Cette réminiscence quasi-mythologique, débitée sur un sofa avec un sourire, me semblait un bien pâle vestige du caractère implacablement vindicatif des contemporains des Uberti, de Dante et de Machiavel. Je laissai deviner mon sentiment à la marquise.

— Ne vous y trompez pas, me dit-elle. Sous ces apparences frivoles se cachent plus d’énergie et de vigueur morale que vous ne croyez. Les fortes qualités du caractère florentin vous paraissent perdues : elles ne sont qu’engourdies faute d’emploi, et le cas échéant vous les verriez revivre.

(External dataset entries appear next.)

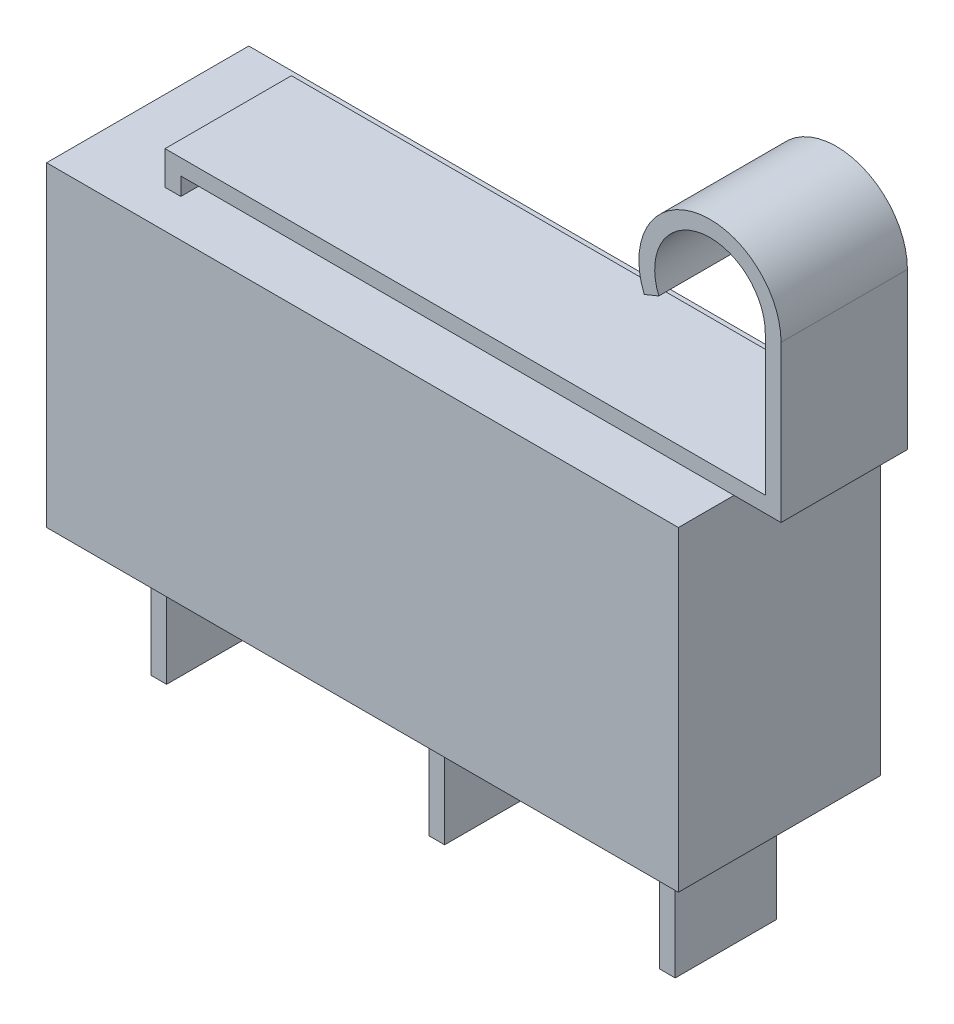
ISO-10303-21;
HEADER;
FILE_DESCRIPTION(('STEP AP214'),'2;1');
FILE_NAME('part.step','',(''),(''),'','','');
FILE_SCHEMA(('AUTOMOTIVE_DESIGN { 1 0 10303 214 1 1 1 1 }'));
ENDSEC;
DATA;
#1=APPLICATION_CONTEXT('core data for automotive mechanical design processes');
#2=APPLICATION_PROTOCOL_DEFINITION('international standard','automotive_design',2000,#1);
#3=PRODUCT_CONTEXT('',#1,'mechanical');
#4=PRODUCT('Part','Part','',(#3));
#5=PRODUCT_RELATED_PRODUCT_CATEGORY('part','',(#4));
#6=PRODUCT_DEFINITION_FORMATION('','',#4);
#7=PRODUCT_DEFINITION_CONTEXT('part definition',#1,'design');
#8=PRODUCT_DEFINITION('design','',#6,#7);
#9=PRODUCT_DEFINITION_SHAPE('','',#8);
#10=(LENGTH_UNIT() NAMED_UNIT(*) SI_UNIT(.MILLI.,.METRE.));
#11=(NAMED_UNIT(*) PLANE_ANGLE_UNIT() SI_UNIT($,.RADIAN.));
#12=(NAMED_UNIT(*) SI_UNIT($,.STERADIAN.) SOLID_ANGLE_UNIT());
#13=UNCERTAINTY_MEASURE_WITH_UNIT(LENGTH_MEASURE(1.E-05),#10,'distance_accuracy_value','');
#14=(GEOMETRIC_REPRESENTATION_CONTEXT(3) GLOBAL_UNCERTAINTY_ASSIGNED_CONTEXT((#13)) GLOBAL_UNIT_ASSIGNED_CONTEXT((#10,
#11,#12)) REPRESENTATION_CONTEXT('',''));
#15=CARTESIAN_POINT('',(0.,0.,0.));
#16=DIRECTION('',(0.,0.,1.));
#17=DIRECTION('',(1.,0.,0.));
#18=AXIS2_PLACEMENT_3D('',#15,#16,#17);
#19=CARTESIAN_POINT('',(-20.,0.,3.2));
#20=DIRECTION('',(0.,1.,0.));
#21=DIRECTION('',(0.,0.,1.));
#22=AXIS2_PLACEMENT_3D('',#19,#20,#21);
#23=PLANE('',#22);
#24=DIRECTION('',(0.,0.,1.));
#25=VECTOR('',#24,1.);
#26=CARTESIAN_POINT('',(-9.5,0.,1.6));
#27=LINE('',#26,#25);
#28=CARTESIAN_POINT('',(-9.5,0.,1.6));
#29=VERTEX_POINT('',#28);
#30=CARTESIAN_POINT('',(-9.5,0.,-1.6));
#31=VERTEX_POINT('',#30);
#32=EDGE_CURVE('E324',#29,#31,#27,.F.);
#33=ORIENTED_EDGE('',*,*,#32,.F.);
#34=DIRECTION('',(1.,0.,0.));
#35=VECTOR('',#34,1.);
#36=CARTESIAN_POINT('',(-9.5,0.,1.6));
#37=LINE('',#36,#35);
#38=CARTESIAN_POINT('',(-9.,0.,1.6));
#39=VERTEX_POINT('',#38);
#40=EDGE_CURVE('E328',#29,#39,#37,.T.);
#41=ORIENTED_EDGE('',*,*,#40,.T.);
#42=DIRECTION('',(0.,0.,1.));
#43=VECTOR('',#42,1.);
#44=CARTESIAN_POINT('',(-9.,0.,1.6));
#45=LINE('',#44,#43);
#46=CARTESIAN_POINT('',(-9.,0.,-1.6));
#47=VERTEX_POINT('',#46);
#48=EDGE_CURVE('E343',#39,#47,#45,.F.);
#49=ORIENTED_EDGE('',*,*,#48,.T.);
#50=DIRECTION('',(-1.,0.,0.));
#51=VECTOR('',#50,1.);
#52=CARTESIAN_POINT('',(-9.,0.,-1.6));
#53=LINE('',#52,#51);
#54=EDGE_CURVE('E340',#47,#31,#53,.T.);
#55=ORIENTED_EDGE('',*,*,#54,.T.);
#56=EDGE_LOOP('',(#33,#41,#49,#55));
#57=FACE_BOUND('',#56,.T.);
#58=DIRECTION('',(1.,0.,0.));
#59=VECTOR('',#58,1.);
#60=CARTESIAN_POINT('',(-20.,0.,-3.2));
#61=LINE('',#60,#59);
#62=CARTESIAN_POINT('',(-20.,0.,-3.2));
#63=VERTEX_POINT('',#62);
#64=CARTESIAN_POINT('',(0.,0.,-3.2));
#65=VERTEX_POINT('',#64);
#66=EDGE_CURVE('E402',#63,#65,#61,.T.);
#67=ORIENTED_EDGE('',*,*,#66,.T.);
#68=DIRECTION('',(0.,0.,-1.));
#69=VECTOR('',#68,1.);
#70=CARTESIAN_POINT('',(0.,0.,3.2));
#71=LINE('',#70,#69);
#72=CARTESIAN_POINT('',(0.,0.,3.2));
#73=VERTEX_POINT('',#72);
#74=EDGE_CURVE('E43',#73,#65,#71,.T.);
#75=ORIENTED_EDGE('',*,*,#74,.F.);
#76=DIRECTION('',(1.,0.,0.));
#77=VECTOR('',#76,1.);
#78=CARTESIAN_POINT('',(-20.,0.,3.2));
#79=LINE('',#78,#77);
#80=CARTESIAN_POINT('',(-20.,0.,3.2));
#81=VERTEX_POINT('',#80);
#82=EDGE_CURVE('E392',#81,#73,#79,.T.);
#83=ORIENTED_EDGE('',*,*,#82,.F.);
#84=DIRECTION('',(0.,0.,-1.));
#85=VECTOR('',#84,1.);
#86=CARTESIAN_POINT('',(-20.,0.,3.2));
#87=LINE('',#86,#85);
#88=EDGE_CURVE('E11',#81,#63,#87,.T.);
#89=ORIENTED_EDGE('',*,*,#88,.T.);
#90=EDGE_LOOP('',(#67,#75,#83,#89));
#91=FACE_BOUND('',#90,.T.);
#92=DIRECTION('',(0.,0.,1.));
#93=VECTOR('',#92,1.);
#94=CARTESIAN_POINT('',(-18.3,0.,1.6));
#95=LINE('',#94,#93);
#96=CARTESIAN_POINT('',(-18.3,0.,1.6));
#97=VERTEX_POINT('',#96);
#98=CARTESIAN_POINT('',(-18.3,0.,-1.6));
#99=VERTEX_POINT('',#98);
#100=EDGE_CURVE('E356',#97,#99,#95,.F.);
#101=ORIENTED_EDGE('',*,*,#100,.F.);
#102=DIRECTION('',(1.,0.,0.));
#103=VECTOR('',#102,1.);
#104=CARTESIAN_POINT('',(-18.3,0.,1.6));
#105=LINE('',#104,#103);
#106=CARTESIAN_POINT('',(-17.8,0.,1.6));
#107=VERTEX_POINT('',#106);
#108=EDGE_CURVE('E360',#97,#107,#105,.T.);
#109=ORIENTED_EDGE('',*,*,#108,.T.);
#110=DIRECTION('',(0.,0.,1.));
#111=VECTOR('',#110,1.);
#112=CARTESIAN_POINT('',(-17.8,0.,1.6));
#113=LINE('',#112,#111);
#114=CARTESIAN_POINT('',(-17.8,0.,-1.6));
#115=VERTEX_POINT('',#114);
#116=EDGE_CURVE('E375',#107,#115,#113,.F.);
#117=ORIENTED_EDGE('',*,*,#116,.T.);
#118=DIRECTION('',(-1.,0.,0.));
#119=VECTOR('',#118,1.);
#120=CARTESIAN_POINT('',(-17.8,0.,-1.6));
#121=LINE('',#120,#119);
#122=EDGE_CURVE('E372',#115,#99,#121,.T.);
#123=ORIENTED_EDGE('',*,*,#122,.T.);
#124=EDGE_LOOP('',(#101,#109,#117,#123));
#125=FACE_BOUND('',#124,.T.);
#126=DIRECTION('',(0.,0.,1.));
#127=VECTOR('',#126,1.);
#128=CARTESIAN_POINT('',(-2.2,0.,1.6));
#129=LINE('',#128,#127);
#130=CARTESIAN_POINT('',(-2.2,0.,1.6));
#131=VERTEX_POINT('',#130);
#132=CARTESIAN_POINT('',(-2.2,0.,-1.6));
#133=VERTEX_POINT('',#132);
#134=EDGE_CURVE('E229',#131,#133,#129,.F.);
#135=ORIENTED_EDGE('',*,*,#134,.F.);
#136=DIRECTION('',(1.,0.,0.));
#137=VECTOR('',#136,1.);
#138=CARTESIAN_POINT('',(-2.2,0.,1.6));
#139=LINE('',#138,#137);
#140=CARTESIAN_POINT('',(-1.7,0.,1.6));
#141=VERTEX_POINT('',#140);
#142=EDGE_CURVE('E296',#131,#141,#139,.T.);
#143=ORIENTED_EDGE('',*,*,#142,.T.);
#144=DIRECTION('',(0.,0.,1.));
#145=VECTOR('',#144,1.);
#146=CARTESIAN_POINT('',(-1.7,0.,1.6));
#147=LINE('',#146,#145);
#148=CARTESIAN_POINT('',(-1.7,0.,-1.6));
#149=VERTEX_POINT('',#148);
#150=EDGE_CURVE('E311',#141,#149,#147,.F.);
#151=ORIENTED_EDGE('',*,*,#150,.T.);
#152=DIRECTION('',(-1.,0.,0.));
#153=VECTOR('',#152,1.);
#154=CARTESIAN_POINT('',(-1.7,0.,-1.6));
#155=LINE('',#154,#153);
#156=EDGE_CURVE('E308',#149,#133,#155,.T.);
#157=ORIENTED_EDGE('',*,*,#156,.T.);
#158=EDGE_LOOP('',(#135,#143,#151,#157));
#159=FACE_BOUND('',#158,.T.);
#160=ADVANCED_FACE('F35',(#57,#91,#125,#159),#23,.F.);
#161=CARTESIAN_POINT('',(-20.,0.,3.2));
#162=DIRECTION('',(1.,0.,0.));
#163=DIRECTION('',(0.,0.,-1.));
#164=AXIS2_PLACEMENT_3D('',#161,#162,#163);
#165=PLANE('',#164);
#166=DIRECTION('',(0.,-1.,0.));
#167=VECTOR('',#166,1.);
#168=CARTESIAN_POINT('',(-20.,0.,-3.2));
#169=LINE('',#168,#167);
#170=CARTESIAN_POINT('',(-20.,10.,-3.2));
#171=VERTEX_POINT('',#170);
#172=EDGE_CURVE('E388',#171,#63,#169,.T.);
#173=ORIENTED_EDGE('',*,*,#172,.T.);
#174=ORIENTED_EDGE('',*,*,#88,.F.);
#175=DIRECTION('',(0.,-1.,0.));
#176=VECTOR('',#175,1.);
#177=CARTESIAN_POINT('',(-20.,0.,3.2));
#178=LINE('',#177,#176);
#179=CARTESIAN_POINT('',(-20.,10.,3.2));
#180=VERTEX_POINT('',#179);
#181=EDGE_CURVE('E389',#180,#81,#178,.T.);
#182=ORIENTED_EDGE('',*,*,#181,.F.);
#183=DIRECTION('',(0.,0.,-1.));
#184=VECTOR('',#183,1.);
#185=CARTESIAN_POINT('',(-20.,10.,3.2));
#186=LINE('',#185,#184);
#187=EDGE_CURVE('E399',#180,#171,#186,.T.);
#188=ORIENTED_EDGE('',*,*,#187,.T.);
#189=EDGE_LOOP('',(#173,#174,#182,#188));
#190=FACE_BOUND('',#189,.T.);
#191=ADVANCED_FACE('F37',(#190),#165,.F.);
#192=CARTESIAN_POINT('',(0.,0.,3.2));
#193=DIRECTION('',(-1.,0.,0.));
#194=DIRECTION('',(0.,0.,1.));
#195=AXIS2_PLACEMENT_3D('',#192,#193,#194);
#196=PLANE('',#195);
#197=DIRECTION('',(0.,1.,0.));
#198=VECTOR('',#197,1.);
#199=CARTESIAN_POINT('',(0.,0.,-3.2));
#200=LINE('',#199,#198);
#201=CARTESIAN_POINT('',(0.,10.,-3.2));
#202=VERTEX_POINT('',#201);
#203=EDGE_CURVE('E404',#65,#202,#200,.T.);
#204=ORIENTED_EDGE('',*,*,#203,.T.);
#205=DIRECTION('',(0.,0.,-1.));
#206=VECTOR('',#205,1.);
#207=CARTESIAN_POINT('',(0.,10.,3.2));
#208=LINE('',#207,#206);
#209=CARTESIAN_POINT('',(0.,10.,3.2));
#210=VERTEX_POINT('',#209);
#211=EDGE_CURVE('E409',#210,#202,#208,.T.);
#212=ORIENTED_EDGE('',*,*,#211,.F.);
#213=DIRECTION('',(0.,1.,0.));
#214=VECTOR('',#213,1.);
#215=CARTESIAN_POINT('',(0.,0.,3.2));
#216=LINE('',#215,#214);
#217=EDGE_CURVE('E395',#73,#210,#216,.T.);
#218=ORIENTED_EDGE('',*,*,#217,.F.);
#219=ORIENTED_EDGE('',*,*,#74,.T.);
#220=EDGE_LOOP('',(#204,#212,#218,#219));
#221=FACE_BOUND('',#220,.T.);
#222=ADVANCED_FACE('F416',(#221),#196,.F.);
#223=CARTESIAN_POINT('',(-20.,10.,3.2));
#224=DIRECTION('',(0.,-1.,0.));
#225=DIRECTION('',(0.,0.,-1.));
#226=AXIS2_PLACEMENT_3D('',#223,#224,#225);
#227=PLANE('',#226);
#228=DIRECTION('',(0.,0.,-1.));
#229=VECTOR('',#228,1.);
#230=CARTESIAN_POINT('',(-16.95,10.,2.));
#231=LINE('',#230,#229);
#232=CARTESIAN_POINT('',(-16.95,10.,2.));
#233=VERTEX_POINT('',#232);
#234=CARTESIAN_POINT('',(-16.95,10.,-2.));
#235=VERTEX_POINT('',#234);
#236=EDGE_CURVE('E55',#233,#235,#231,.T.);
#237=ORIENTED_EDGE('',*,*,#236,.F.);
#238=DIRECTION('',(-1.,0.,0.));
#239=VECTOR('',#238,1.);
#240=CARTESIAN_POINT('',(-16.95,10.,2.));
#241=LINE('',#240,#239);
#242=CARTESIAN_POINT('',(-17.45,10.,2.));
#243=VERTEX_POINT('',#242);
#244=EDGE_CURVE('E50',#233,#243,#241,.T.);
#245=ORIENTED_EDGE('',*,*,#244,.T.);
#246=DIRECTION('',(0.,0.,-1.));
#247=VECTOR('',#246,1.);
#248=CARTESIAN_POINT('',(-17.45,10.,2.));
#249=LINE('',#248,#247);
#250=CARTESIAN_POINT('',(-17.45,10.,-2.));
#251=VERTEX_POINT('',#250);
#252=EDGE_CURVE('E284',#243,#251,#249,.T.);
#253=ORIENTED_EDGE('',*,*,#252,.T.);
#254=DIRECTION('',(-1.,0.,0.));
#255=VECTOR('',#254,1.);
#256=CARTESIAN_POINT('',(-16.95,10.,-2.));
#257=LINE('',#256,#255);
#258=EDGE_CURVE('E268',#235,#251,#257,.T.);
#259=ORIENTED_EDGE('',*,*,#258,.F.);
#260=EDGE_LOOP('',(#237,#245,#253,#259));
#261=FACE_BOUND('',#260,.T.);
#262=DIRECTION('',(-1.,0.,0.));
#263=VECTOR('',#262,1.);
#264=CARTESIAN_POINT('',(-20.,10.,-3.2));
#265=LINE('',#264,#263);
#266=EDGE_CURVE('E393',#202,#171,#265,.T.);
#267=ORIENTED_EDGE('',*,*,#266,.T.);
#268=ORIENTED_EDGE('',*,*,#187,.F.);
#269=DIRECTION('',(-1.,0.,0.));
#270=VECTOR('',#269,1.);
#271=CARTESIAN_POINT('',(-20.,10.,3.2));
#272=LINE('',#271,#270);
#273=EDGE_CURVE('E397',#210,#180,#272,.T.);
#274=ORIENTED_EDGE('',*,*,#273,.F.);
#275=ORIENTED_EDGE('',*,*,#211,.T.);
#276=EDGE_LOOP('',(#267,#268,#274,#275));
#277=FACE_BOUND('',#276,.T.);
#278=ADVANCED_FACE('F425',(#261,#277),#227,.F.);
#279=CARTESIAN_POINT('',(0.,0.,3.2));
#280=DIRECTION('',(0.,0.,-1.));
#281=DIRECTION('',(-1.,0.,0.));
#282=AXIS2_PLACEMENT_3D('',#279,#280,#281);
#283=PLANE('',#282);
#284=ORIENTED_EDGE('',*,*,#181,.T.);
#285=ORIENTED_EDGE('',*,*,#82,.T.);
#286=ORIENTED_EDGE('',*,*,#217,.T.);
#287=ORIENTED_EDGE('',*,*,#273,.T.);
#288=EDGE_LOOP('',(#284,#285,#286,#287));
#289=FACE_BOUND('',#288,.T.);
#290=ADVANCED_FACE('F431',(#289),#283,.F.);
#291=CARTESIAN_POINT('',(0.,0.,-3.2));
#292=DIRECTION('',(0.,0.,-1.));
#293=DIRECTION('',(-1.,0.,0.));
#294=AXIS2_PLACEMENT_3D('',#291,#292,#293);
#295=PLANE('',#294);
#296=ORIENTED_EDGE('',*,*,#172,.F.);
#297=ORIENTED_EDGE('',*,*,#266,.F.);
#298=ORIENTED_EDGE('',*,*,#203,.F.);
#299=ORIENTED_EDGE('',*,*,#66,.F.);
#300=EDGE_LOOP('',(#296,#297,#298,#299));
#301=FACE_BOUND('',#300,.T.);
#302=ADVANCED_FACE('F422',(#301),#295,.T.);
#303=CARTESIAN_POINT('',(-18.3,-4.,1.6));
#304=DIRECTION('',(1.,0.,0.));
#305=DIRECTION('',(0.,0.,-1.));
#306=AXIS2_PLACEMENT_3D('',#303,#304,#305);
#307=PLANE('',#306);
#308=ORIENTED_EDGE('',*,*,#100,.T.);
#309=DIRECTION('',(0.,1.,0.));
#310=VECTOR('',#309,1.);
#311=CARTESIAN_POINT('',(-18.3,-4.,-1.6));
#312=LINE('',#311,#310);
#313=CARTESIAN_POINT('',(-18.3,-4.,-1.6));
#314=VERTEX_POINT('',#313);
#315=EDGE_CURVE('E386',#314,#99,#312,.T.);
#316=ORIENTED_EDGE('',*,*,#315,.F.);
#317=DIRECTION('',(0.,0.,1.));
#318=VECTOR('',#317,1.);
#319=CARTESIAN_POINT('',(-18.3,-4.,1.6));
#320=LINE('',#319,#318);
#321=CARTESIAN_POINT('',(-18.3,-4.,1.6));
#322=VERTEX_POINT('',#321);
#323=EDGE_CURVE('E357',#322,#314,#320,.F.);
#324=ORIENTED_EDGE('',*,*,#323,.F.);
#325=DIRECTION('',(0.,1.,0.));
#326=VECTOR('',#325,1.);
#327=CARTESIAN_POINT('',(-18.3,-4.,1.6));
#328=LINE('',#327,#326);
#329=EDGE_CURVE('E369',#322,#97,#328,.T.);
#330=ORIENTED_EDGE('',*,*,#329,.T.);
#331=EDGE_LOOP('',(#308,#316,#324,#330));
#332=FACE_BOUND('',#331,.T.);
#333=ADVANCED_FACE('F500',(#332),#307,.F.);
#334=CARTESIAN_POINT('',(-17.8,-4.,-1.6));
#335=DIRECTION('',(0.,0.,-1.));
#336=DIRECTION('',(-1.,0.,0.));
#337=AXIS2_PLACEMENT_3D('',#334,#335,#336);
#338=PLANE('',#337);
#339=ORIENTED_EDGE('',*,*,#122,.F.);
#340=DIRECTION('',(0.,1.,0.));
#341=VECTOR('',#340,1.);
#342=CARTESIAN_POINT('',(-17.8,-4.,-1.6));
#343=LINE('',#342,#341);
#344=CARTESIAN_POINT('',(-17.8,-4.,-1.6));
#345=VERTEX_POINT('',#344);
#346=EDGE_CURVE('E384',#345,#115,#343,.T.);
#347=ORIENTED_EDGE('',*,*,#346,.F.);
#348=DIRECTION('',(-1.,0.,0.));
#349=VECTOR('',#348,1.);
#350=CARTESIAN_POINT('',(-17.8,-4.,-1.6));
#351=LINE('',#350,#349);
#352=EDGE_CURVE('E359',#345,#314,#351,.T.);
#353=ORIENTED_EDGE('',*,*,#352,.T.);
#354=ORIENTED_EDGE('',*,*,#315,.T.);
#355=EDGE_LOOP('',(#339,#347,#353,#354));
#356=FACE_BOUND('',#355,.T.);
#357=ADVANCED_FACE('F496',(#356),#338,.T.);
#358=CARTESIAN_POINT('',(-17.8,-4.,1.6));
#359=DIRECTION('',(1.,0.,0.));
#360=DIRECTION('',(0.,0.,-1.));
#361=AXIS2_PLACEMENT_3D('',#358,#359,#360);
#362=PLANE('',#361);
#363=ORIENTED_EDGE('',*,*,#116,.F.);
#364=DIRECTION('',(0.,1.,0.));
#365=VECTOR('',#364,1.);
#366=CARTESIAN_POINT('',(-17.8,-4.,1.6));
#367=LINE('',#366,#365);
#368=CARTESIAN_POINT('',(-17.8,-4.,1.6));
#369=VERTEX_POINT('',#368);
#370=EDGE_CURVE('E381',#369,#107,#367,.T.);
#371=ORIENTED_EDGE('',*,*,#370,.F.);
#372=DIRECTION('',(0.,0.,1.));
#373=VECTOR('',#372,1.);
#374=CARTESIAN_POINT('',(-17.8,-4.,1.6));
#375=LINE('',#374,#373);
#376=EDGE_CURVE('E363',#369,#345,#375,.F.);
#377=ORIENTED_EDGE('',*,*,#376,.T.);
#378=ORIENTED_EDGE('',*,*,#346,.T.);
#379=EDGE_LOOP('',(#363,#371,#377,#378));
#380=FACE_BOUND('',#379,.T.);
#381=ADVANCED_FACE('F492',(#380),#362,.T.);
#382=CARTESIAN_POINT('',(-18.3,-4.,1.6));
#383=DIRECTION('',(0.,0.,1.));
#384=DIRECTION('',(1.,0.,0.));
#385=AXIS2_PLACEMENT_3D('',#382,#383,#384);
#386=PLANE('',#385);
#387=ORIENTED_EDGE('',*,*,#108,.F.);
#388=ORIENTED_EDGE('',*,*,#329,.F.);
#389=DIRECTION('',(1.,0.,0.));
#390=VECTOR('',#389,1.);
#391=CARTESIAN_POINT('',(-18.3,-4.,1.6));
#392=LINE('',#391,#390);
#393=EDGE_CURVE('E366',#322,#369,#392,.T.);
#394=ORIENTED_EDGE('',*,*,#393,.T.);
#395=ORIENTED_EDGE('',*,*,#370,.T.);
#396=EDGE_LOOP('',(#387,#388,#394,#395));
#397=FACE_BOUND('',#396,.T.);
#398=ADVANCED_FACE('F488',(#397),#386,.T.);
#399=CARTESIAN_POINT('',(0.,-4.,0.));
#400=DIRECTION('',(0.,-1.,0.));
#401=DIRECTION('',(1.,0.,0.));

La marquise avait raison : les descendans des anciennes familles patriciennes de Florence n’ont pas trop dégénéré. A l’heure qu’il est, il y a des représentans de plus d’un nom historique parmi les volontaires qui sont allés sur les bords du Tessin chercher une revanche contre les héritiers de Charles-Quint, et c’est un prince Corsini, le marquis Lajatico, qui s’est courageusement mis à la tête du parti qui veut l’alliance de la Toscane avec la France et la Sardaigne.


A. DE METZ-NOBLAT.

  1. Rivaux de Donati, le premier chef des noirs; les Cerchi étaient à la tête du parti des blancs.